Tuesday, February 22, 2005

One Dimensional Site Design

Design for Who?

A friend of mine sent me a link to a web design / hosting service set up for photographers. He knows that we have a similar product and wanted to let me know about this service.

I visited the site (no names, email me and I will let you know) and found it to be one of those "designy flash thingy" sites with Flash 'templates'. I was not impressed, explanation coming.

The deal is - you pick your template and then fill in the info and images in the portfolio. Now, the content management looks great, and I believe it to be very important. However, that is the end of the functionality. There are no meta tags, no page name management, no way to have the SE's find the site, no room for growth and expansion of the site.

In short, it is one dimensional design. "Hey it looks good, we're done." What? That makes no sense to me at all. Design should be multi-dimensional.

Websites should have many goals:
1. Satisfy the visitor. What would the visitor to the site be looking for?
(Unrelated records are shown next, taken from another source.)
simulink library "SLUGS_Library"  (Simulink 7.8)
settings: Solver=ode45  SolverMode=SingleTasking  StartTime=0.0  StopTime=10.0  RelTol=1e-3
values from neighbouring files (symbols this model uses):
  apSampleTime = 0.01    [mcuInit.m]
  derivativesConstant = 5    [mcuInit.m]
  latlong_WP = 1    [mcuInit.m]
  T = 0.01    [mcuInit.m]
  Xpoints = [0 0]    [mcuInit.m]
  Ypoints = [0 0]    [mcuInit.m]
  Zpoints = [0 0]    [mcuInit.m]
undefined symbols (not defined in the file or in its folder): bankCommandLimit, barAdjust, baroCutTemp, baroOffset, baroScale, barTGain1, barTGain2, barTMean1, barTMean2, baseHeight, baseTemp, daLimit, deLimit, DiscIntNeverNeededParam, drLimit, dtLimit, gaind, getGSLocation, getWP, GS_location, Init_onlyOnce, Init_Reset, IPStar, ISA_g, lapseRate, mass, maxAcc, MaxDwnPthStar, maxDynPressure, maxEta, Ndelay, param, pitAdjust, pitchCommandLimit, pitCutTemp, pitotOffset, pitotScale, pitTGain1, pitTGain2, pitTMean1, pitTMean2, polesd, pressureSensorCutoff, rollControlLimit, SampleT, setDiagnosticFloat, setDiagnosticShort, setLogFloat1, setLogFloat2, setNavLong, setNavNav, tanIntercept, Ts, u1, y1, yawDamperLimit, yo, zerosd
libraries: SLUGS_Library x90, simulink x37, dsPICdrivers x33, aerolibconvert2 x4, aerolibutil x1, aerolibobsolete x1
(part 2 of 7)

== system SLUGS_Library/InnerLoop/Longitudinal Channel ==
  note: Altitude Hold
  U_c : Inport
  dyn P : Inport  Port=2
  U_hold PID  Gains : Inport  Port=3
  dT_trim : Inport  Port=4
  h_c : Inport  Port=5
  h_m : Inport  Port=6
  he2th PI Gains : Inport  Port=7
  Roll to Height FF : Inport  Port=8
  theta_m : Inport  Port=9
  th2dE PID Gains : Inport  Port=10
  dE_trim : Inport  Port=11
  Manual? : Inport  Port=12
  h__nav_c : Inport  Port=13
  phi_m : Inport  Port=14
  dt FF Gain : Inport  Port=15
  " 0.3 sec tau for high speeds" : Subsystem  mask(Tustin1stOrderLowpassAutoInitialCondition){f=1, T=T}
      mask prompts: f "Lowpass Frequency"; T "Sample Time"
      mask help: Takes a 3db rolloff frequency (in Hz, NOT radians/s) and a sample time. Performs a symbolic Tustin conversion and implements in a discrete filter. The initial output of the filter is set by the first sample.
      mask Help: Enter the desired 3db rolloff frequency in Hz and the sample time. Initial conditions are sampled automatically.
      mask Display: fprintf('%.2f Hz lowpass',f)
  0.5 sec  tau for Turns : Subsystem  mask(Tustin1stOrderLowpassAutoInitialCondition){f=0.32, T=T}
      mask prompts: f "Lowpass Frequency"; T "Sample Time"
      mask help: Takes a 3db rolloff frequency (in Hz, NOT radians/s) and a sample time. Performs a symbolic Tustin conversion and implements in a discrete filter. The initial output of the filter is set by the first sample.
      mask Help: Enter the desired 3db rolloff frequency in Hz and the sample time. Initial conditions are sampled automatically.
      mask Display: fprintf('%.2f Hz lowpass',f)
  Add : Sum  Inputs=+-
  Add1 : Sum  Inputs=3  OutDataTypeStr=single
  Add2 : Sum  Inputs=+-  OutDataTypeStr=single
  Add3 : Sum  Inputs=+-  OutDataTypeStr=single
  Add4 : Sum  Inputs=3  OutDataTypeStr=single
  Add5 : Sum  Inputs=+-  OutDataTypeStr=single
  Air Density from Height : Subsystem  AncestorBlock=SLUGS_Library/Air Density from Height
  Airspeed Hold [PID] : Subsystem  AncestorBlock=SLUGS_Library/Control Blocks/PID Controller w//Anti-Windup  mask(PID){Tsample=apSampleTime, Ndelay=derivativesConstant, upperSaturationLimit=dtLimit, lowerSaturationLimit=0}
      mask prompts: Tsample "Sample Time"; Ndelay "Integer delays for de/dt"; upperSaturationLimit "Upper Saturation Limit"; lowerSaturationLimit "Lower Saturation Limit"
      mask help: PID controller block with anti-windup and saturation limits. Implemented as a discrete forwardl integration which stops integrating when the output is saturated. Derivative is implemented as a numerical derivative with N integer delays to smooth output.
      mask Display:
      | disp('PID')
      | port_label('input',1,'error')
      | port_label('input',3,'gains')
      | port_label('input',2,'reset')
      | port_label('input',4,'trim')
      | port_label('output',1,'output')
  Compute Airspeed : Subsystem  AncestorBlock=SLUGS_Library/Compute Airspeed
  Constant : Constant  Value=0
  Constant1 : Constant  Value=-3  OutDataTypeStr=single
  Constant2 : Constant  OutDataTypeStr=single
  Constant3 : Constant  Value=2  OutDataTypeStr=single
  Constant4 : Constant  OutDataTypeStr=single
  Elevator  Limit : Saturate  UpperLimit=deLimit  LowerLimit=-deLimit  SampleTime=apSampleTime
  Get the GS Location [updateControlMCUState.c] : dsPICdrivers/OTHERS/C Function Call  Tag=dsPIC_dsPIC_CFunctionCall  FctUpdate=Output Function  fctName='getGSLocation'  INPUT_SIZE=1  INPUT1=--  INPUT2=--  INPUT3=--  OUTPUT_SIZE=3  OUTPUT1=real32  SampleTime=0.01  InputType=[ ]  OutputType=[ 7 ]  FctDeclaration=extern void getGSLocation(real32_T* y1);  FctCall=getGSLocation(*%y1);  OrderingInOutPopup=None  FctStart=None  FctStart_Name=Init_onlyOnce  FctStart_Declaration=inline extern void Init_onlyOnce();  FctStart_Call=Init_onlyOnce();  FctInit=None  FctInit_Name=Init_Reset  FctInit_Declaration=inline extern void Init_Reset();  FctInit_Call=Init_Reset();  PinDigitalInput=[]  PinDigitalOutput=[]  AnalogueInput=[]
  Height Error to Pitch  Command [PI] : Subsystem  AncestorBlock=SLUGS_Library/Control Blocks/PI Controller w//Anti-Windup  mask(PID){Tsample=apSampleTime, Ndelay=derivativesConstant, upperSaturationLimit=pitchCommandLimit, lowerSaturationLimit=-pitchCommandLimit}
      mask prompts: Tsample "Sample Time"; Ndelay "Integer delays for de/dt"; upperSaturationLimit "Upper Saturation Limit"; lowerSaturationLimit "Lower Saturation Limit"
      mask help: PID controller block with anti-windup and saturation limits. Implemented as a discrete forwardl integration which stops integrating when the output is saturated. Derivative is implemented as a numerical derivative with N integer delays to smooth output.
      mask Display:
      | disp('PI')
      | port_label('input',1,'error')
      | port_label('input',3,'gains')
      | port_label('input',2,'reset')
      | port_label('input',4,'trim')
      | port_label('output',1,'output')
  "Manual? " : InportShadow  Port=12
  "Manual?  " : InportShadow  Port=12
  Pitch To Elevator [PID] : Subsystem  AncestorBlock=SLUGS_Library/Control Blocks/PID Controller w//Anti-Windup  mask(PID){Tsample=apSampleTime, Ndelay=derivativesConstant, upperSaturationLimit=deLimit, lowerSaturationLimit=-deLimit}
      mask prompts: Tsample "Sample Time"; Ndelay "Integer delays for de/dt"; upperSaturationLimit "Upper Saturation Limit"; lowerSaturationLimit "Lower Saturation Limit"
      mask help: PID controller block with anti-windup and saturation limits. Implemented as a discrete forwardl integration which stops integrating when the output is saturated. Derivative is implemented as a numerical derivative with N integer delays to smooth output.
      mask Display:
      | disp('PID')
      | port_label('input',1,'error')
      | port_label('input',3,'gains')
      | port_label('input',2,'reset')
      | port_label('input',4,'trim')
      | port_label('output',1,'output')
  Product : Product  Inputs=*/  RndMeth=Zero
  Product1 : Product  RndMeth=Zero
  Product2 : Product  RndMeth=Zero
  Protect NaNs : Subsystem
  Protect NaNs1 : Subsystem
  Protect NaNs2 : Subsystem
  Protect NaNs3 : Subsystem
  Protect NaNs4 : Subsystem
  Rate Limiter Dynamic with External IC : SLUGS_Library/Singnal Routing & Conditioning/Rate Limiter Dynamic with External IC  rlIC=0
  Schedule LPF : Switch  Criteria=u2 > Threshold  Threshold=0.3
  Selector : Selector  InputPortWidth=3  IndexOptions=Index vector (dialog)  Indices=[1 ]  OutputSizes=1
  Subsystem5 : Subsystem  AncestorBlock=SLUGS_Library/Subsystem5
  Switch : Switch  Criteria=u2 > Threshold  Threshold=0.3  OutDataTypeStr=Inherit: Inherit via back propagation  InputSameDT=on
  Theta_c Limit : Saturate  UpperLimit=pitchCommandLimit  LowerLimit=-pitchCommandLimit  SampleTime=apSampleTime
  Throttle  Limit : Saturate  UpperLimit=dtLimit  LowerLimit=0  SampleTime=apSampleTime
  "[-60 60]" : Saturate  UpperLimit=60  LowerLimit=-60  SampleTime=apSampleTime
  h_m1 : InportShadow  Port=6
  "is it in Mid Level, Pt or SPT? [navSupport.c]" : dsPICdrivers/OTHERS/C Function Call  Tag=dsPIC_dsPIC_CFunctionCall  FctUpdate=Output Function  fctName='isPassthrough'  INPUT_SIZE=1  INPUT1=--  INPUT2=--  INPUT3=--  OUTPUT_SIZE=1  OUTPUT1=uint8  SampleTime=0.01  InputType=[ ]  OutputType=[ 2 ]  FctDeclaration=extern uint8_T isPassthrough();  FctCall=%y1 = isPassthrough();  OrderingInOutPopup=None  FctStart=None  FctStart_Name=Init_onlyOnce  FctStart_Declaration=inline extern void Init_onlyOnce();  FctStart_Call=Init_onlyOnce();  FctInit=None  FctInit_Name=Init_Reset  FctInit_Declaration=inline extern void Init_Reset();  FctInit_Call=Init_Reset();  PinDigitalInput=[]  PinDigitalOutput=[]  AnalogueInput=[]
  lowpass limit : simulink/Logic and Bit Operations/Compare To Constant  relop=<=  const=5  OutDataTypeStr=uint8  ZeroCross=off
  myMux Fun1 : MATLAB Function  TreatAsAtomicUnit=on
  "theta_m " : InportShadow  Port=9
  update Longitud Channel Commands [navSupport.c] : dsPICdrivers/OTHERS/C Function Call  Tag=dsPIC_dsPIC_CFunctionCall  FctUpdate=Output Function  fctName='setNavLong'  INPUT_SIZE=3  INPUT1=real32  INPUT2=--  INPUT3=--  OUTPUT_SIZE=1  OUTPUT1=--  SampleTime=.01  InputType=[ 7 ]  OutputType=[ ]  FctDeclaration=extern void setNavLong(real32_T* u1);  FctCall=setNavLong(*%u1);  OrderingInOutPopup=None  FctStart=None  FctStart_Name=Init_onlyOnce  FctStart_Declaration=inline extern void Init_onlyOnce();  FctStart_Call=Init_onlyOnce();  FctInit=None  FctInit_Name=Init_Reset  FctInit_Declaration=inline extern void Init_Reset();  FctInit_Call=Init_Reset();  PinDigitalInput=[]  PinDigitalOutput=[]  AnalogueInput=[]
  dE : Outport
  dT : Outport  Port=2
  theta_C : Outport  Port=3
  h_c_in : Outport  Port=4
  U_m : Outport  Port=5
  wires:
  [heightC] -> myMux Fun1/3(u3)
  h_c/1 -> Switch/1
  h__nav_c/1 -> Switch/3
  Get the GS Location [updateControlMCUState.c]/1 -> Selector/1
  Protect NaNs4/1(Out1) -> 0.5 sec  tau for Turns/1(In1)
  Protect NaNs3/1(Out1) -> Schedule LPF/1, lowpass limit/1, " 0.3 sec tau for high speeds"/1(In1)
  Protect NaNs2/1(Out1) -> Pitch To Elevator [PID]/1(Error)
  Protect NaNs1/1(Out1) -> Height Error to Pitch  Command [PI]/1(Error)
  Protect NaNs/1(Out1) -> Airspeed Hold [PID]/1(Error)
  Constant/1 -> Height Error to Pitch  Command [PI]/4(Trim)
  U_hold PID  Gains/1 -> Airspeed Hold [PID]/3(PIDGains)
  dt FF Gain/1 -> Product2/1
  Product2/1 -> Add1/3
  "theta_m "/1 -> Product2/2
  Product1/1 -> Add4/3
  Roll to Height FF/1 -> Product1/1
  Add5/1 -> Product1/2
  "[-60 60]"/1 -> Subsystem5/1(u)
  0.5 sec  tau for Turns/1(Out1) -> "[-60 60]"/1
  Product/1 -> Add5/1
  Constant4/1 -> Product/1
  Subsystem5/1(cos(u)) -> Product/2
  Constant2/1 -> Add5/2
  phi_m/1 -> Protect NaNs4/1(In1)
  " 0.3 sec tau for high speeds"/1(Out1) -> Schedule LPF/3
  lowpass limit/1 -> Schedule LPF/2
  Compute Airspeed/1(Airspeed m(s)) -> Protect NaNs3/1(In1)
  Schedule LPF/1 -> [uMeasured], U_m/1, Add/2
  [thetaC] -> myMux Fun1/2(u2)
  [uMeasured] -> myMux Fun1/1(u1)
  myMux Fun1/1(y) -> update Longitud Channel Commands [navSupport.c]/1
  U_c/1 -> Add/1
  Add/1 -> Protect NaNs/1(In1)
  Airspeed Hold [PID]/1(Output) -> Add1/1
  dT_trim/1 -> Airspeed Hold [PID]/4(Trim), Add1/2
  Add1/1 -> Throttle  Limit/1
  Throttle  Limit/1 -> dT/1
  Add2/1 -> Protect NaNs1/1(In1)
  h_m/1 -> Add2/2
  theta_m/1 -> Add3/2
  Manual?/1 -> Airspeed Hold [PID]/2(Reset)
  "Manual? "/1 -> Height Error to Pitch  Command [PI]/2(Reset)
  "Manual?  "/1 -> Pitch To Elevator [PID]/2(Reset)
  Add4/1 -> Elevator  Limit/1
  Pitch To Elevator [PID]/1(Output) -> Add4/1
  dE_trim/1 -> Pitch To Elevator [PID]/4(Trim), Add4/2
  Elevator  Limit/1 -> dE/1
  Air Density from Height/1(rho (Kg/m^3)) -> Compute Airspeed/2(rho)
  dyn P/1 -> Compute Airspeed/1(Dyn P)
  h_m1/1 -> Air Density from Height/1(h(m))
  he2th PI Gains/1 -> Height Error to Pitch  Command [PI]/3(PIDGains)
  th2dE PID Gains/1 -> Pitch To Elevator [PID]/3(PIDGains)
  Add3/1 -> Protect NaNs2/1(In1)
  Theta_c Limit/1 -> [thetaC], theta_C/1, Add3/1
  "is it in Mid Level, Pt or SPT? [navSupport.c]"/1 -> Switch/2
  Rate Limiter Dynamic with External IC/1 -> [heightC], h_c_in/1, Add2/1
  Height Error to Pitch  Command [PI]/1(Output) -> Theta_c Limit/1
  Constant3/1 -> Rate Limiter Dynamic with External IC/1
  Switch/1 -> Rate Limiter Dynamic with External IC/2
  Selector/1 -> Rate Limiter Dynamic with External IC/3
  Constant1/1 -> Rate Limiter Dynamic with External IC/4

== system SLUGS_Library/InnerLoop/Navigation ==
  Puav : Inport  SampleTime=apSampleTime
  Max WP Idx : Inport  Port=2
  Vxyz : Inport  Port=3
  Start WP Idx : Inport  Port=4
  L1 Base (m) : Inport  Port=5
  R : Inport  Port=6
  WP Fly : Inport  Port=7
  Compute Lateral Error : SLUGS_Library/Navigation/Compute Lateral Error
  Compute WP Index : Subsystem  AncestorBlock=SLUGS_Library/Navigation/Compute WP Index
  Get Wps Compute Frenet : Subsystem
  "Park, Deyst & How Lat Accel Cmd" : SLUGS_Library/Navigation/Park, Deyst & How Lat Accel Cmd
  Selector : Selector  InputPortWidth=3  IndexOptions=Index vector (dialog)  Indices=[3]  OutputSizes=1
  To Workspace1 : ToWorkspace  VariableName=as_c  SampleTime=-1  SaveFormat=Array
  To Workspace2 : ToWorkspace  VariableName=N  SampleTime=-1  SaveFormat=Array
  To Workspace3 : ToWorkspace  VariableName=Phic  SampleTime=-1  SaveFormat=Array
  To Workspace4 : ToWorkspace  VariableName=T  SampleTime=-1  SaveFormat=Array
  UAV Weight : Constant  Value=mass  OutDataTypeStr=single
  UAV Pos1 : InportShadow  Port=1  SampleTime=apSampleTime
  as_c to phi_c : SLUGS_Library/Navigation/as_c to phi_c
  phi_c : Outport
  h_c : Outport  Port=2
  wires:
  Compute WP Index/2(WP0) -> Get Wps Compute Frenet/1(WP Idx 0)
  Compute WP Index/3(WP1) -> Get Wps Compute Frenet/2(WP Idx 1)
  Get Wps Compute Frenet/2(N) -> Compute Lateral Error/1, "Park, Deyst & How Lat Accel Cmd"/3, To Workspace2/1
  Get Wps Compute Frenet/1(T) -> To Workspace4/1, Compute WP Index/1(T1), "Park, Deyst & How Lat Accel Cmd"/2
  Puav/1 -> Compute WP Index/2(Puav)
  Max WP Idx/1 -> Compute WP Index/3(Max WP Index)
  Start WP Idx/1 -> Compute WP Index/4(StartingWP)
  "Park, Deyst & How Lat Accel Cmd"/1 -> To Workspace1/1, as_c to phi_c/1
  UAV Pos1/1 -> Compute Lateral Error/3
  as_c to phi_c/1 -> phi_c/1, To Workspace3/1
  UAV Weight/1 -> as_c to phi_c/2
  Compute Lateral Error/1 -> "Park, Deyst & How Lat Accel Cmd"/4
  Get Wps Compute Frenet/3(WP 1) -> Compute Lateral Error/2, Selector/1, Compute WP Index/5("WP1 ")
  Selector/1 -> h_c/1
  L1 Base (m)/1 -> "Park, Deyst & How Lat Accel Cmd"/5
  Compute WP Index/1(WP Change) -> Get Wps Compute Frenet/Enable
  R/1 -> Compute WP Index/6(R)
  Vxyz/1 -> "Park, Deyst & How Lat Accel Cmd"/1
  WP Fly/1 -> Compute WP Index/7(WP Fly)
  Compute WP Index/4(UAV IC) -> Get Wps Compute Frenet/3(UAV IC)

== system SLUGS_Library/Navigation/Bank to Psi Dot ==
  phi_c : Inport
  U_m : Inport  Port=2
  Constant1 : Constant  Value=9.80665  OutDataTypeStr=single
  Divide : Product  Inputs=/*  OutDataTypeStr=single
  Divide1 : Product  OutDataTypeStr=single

How can we make it easier for the visitor to find what they are looking for.
2. Help the site owner develop more business. How can the site do that effectively? How can the site actually bring in more customers?
3. Increase the photographers visibility. How does the site attract visitors? Can the site do that 'on its own' so to speak? How will the site utilize existing technology to further reach out to prospective clients?
4. Look good, while being functional and informative. Does the design help or hinder the navigation or content availability? Does it work FOR the visitor or against them?

The site design company only addresses #4. That is way too short of a list to count as the reason to build a site. If it looks good and the photog still has to spend marketing dollars just to increase traffic (because the site is incapable of drawing visitors on its own) then what is the benefit? Sure, a handful of photogs can legitimately claim that they do not need to be found by search engines, but most do not have that luxury.

When looking to get a design for your website, make sure the web designer or firm understands ALL of the reasons you want a web site. And hope that they bring even more reasons / solutions to the table.

Sure it should look good, great - even cool. But it should also work for you on the other levels mentioned above. Or, hey, it's just an online place to put photos... and Flickr does that already for free.